How to rescue any exception in 1.8?

P

Philip Mak

This code will catch the exception in Ruby 1.6:

require 'timeout'
begin
raise TimeoutError
rescue
puts "Rescued!"
end

But in Ruby 1.8, it will not catch the exception. I found out that if
I do "rescue Exception" instead of just "rescue", it will work.

So, my question is, if I want to rescue any exception no matter what
it is, do I have to start typing "rescue Exception" instead of
"rescue"?
 
K

Kent Dahl

Philip said:
This code will catch the exception in Ruby 1.6:

require 'timeout'
begin
raise TimeoutError
rescue
puts "Rescued!"
end

But in Ruby 1.8, it will not catch the exception. I found out that if
I do "rescue Exception" instead of just "rescue", it will work.

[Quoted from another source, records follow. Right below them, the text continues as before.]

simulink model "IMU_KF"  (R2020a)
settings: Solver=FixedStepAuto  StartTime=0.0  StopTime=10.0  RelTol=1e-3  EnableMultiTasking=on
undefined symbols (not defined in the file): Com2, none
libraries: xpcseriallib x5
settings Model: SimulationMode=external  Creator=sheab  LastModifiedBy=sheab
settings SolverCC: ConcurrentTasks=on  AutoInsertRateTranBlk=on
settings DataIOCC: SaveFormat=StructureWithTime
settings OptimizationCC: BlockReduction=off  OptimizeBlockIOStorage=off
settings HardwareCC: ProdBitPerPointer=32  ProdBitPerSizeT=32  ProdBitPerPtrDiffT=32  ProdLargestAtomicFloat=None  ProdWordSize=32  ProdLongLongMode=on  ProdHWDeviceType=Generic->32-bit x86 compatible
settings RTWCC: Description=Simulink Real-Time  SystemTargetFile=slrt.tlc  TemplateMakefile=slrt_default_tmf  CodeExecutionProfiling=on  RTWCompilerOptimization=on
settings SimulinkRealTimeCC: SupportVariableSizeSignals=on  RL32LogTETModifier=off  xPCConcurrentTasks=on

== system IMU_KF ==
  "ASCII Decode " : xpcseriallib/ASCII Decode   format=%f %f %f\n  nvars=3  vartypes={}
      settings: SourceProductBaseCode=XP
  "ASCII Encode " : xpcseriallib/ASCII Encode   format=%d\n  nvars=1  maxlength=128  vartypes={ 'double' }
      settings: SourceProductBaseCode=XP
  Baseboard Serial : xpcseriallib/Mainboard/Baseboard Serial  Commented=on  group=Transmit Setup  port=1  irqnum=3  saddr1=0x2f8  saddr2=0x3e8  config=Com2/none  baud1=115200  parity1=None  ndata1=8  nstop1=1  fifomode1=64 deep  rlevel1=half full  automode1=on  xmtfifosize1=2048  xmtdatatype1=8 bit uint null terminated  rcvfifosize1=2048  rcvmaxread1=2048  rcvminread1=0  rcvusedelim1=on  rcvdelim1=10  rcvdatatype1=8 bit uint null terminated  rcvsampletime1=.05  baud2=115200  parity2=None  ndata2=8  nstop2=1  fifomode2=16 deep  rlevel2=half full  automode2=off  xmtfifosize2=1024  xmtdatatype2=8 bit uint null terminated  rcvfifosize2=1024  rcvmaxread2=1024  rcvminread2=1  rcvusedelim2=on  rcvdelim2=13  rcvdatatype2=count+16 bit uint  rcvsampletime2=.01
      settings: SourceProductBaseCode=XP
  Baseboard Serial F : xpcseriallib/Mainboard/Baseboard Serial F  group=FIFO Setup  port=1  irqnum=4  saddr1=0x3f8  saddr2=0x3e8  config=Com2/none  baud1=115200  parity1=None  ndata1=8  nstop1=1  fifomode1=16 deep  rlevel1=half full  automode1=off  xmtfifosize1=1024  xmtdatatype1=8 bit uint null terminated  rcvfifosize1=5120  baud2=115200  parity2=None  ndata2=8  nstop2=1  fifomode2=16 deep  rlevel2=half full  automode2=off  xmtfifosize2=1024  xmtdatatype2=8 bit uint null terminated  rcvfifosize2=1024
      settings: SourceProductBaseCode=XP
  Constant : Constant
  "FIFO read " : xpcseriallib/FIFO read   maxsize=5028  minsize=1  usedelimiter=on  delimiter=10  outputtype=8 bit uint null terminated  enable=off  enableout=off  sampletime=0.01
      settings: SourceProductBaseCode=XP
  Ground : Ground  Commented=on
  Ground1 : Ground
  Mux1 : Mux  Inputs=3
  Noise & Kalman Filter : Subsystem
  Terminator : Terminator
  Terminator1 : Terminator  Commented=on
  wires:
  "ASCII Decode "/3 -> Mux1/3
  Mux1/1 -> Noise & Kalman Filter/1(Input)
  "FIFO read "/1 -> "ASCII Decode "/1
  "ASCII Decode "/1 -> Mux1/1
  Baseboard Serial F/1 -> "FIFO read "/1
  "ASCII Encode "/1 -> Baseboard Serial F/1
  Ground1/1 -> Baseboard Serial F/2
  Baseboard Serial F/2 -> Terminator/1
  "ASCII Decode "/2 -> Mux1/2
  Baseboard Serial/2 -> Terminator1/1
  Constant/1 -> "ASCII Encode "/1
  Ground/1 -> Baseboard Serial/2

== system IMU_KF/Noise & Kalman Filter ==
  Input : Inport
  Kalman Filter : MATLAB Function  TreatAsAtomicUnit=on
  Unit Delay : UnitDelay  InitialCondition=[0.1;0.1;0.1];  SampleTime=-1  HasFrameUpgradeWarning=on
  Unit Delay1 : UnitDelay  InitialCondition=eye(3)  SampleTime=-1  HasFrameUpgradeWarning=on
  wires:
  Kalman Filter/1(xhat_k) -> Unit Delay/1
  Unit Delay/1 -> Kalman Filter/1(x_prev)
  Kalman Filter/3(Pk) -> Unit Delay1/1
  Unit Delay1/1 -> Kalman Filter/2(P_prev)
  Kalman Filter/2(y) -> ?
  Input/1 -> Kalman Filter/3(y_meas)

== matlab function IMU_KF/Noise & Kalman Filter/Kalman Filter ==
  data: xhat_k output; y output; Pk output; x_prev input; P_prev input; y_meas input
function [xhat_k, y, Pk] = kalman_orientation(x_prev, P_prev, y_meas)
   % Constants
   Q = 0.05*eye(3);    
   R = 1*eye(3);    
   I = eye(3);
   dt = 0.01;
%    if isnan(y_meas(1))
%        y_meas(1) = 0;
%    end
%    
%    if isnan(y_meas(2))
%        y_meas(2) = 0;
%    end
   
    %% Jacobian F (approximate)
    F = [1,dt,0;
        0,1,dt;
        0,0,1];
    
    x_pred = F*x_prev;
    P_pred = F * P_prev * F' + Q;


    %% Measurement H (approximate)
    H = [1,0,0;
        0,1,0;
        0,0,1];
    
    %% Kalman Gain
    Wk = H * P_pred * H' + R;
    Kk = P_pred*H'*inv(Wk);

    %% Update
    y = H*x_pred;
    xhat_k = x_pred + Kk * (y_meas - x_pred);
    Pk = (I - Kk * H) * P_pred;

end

So, my question is, if I want to rescue any exception no matter what
it is, do I have to start typing "rescue Exception" instead of
"rescue"?

Yes.

Rescue without an Exception type only catches StandardError and
subclasses. The inheritance hierarchy of exceptions are one of the
changes between 1.6 and 1.8, IIRC...

[kentda@v052a kentda]$ ruby -v -e "require 'timeout';p
TimeoutError.ancestors"
ruby 1.6.8 (2002-12-24) [i386-linux-gnu]
[TimeoutError, StandardError, Exception, Object, Kernel]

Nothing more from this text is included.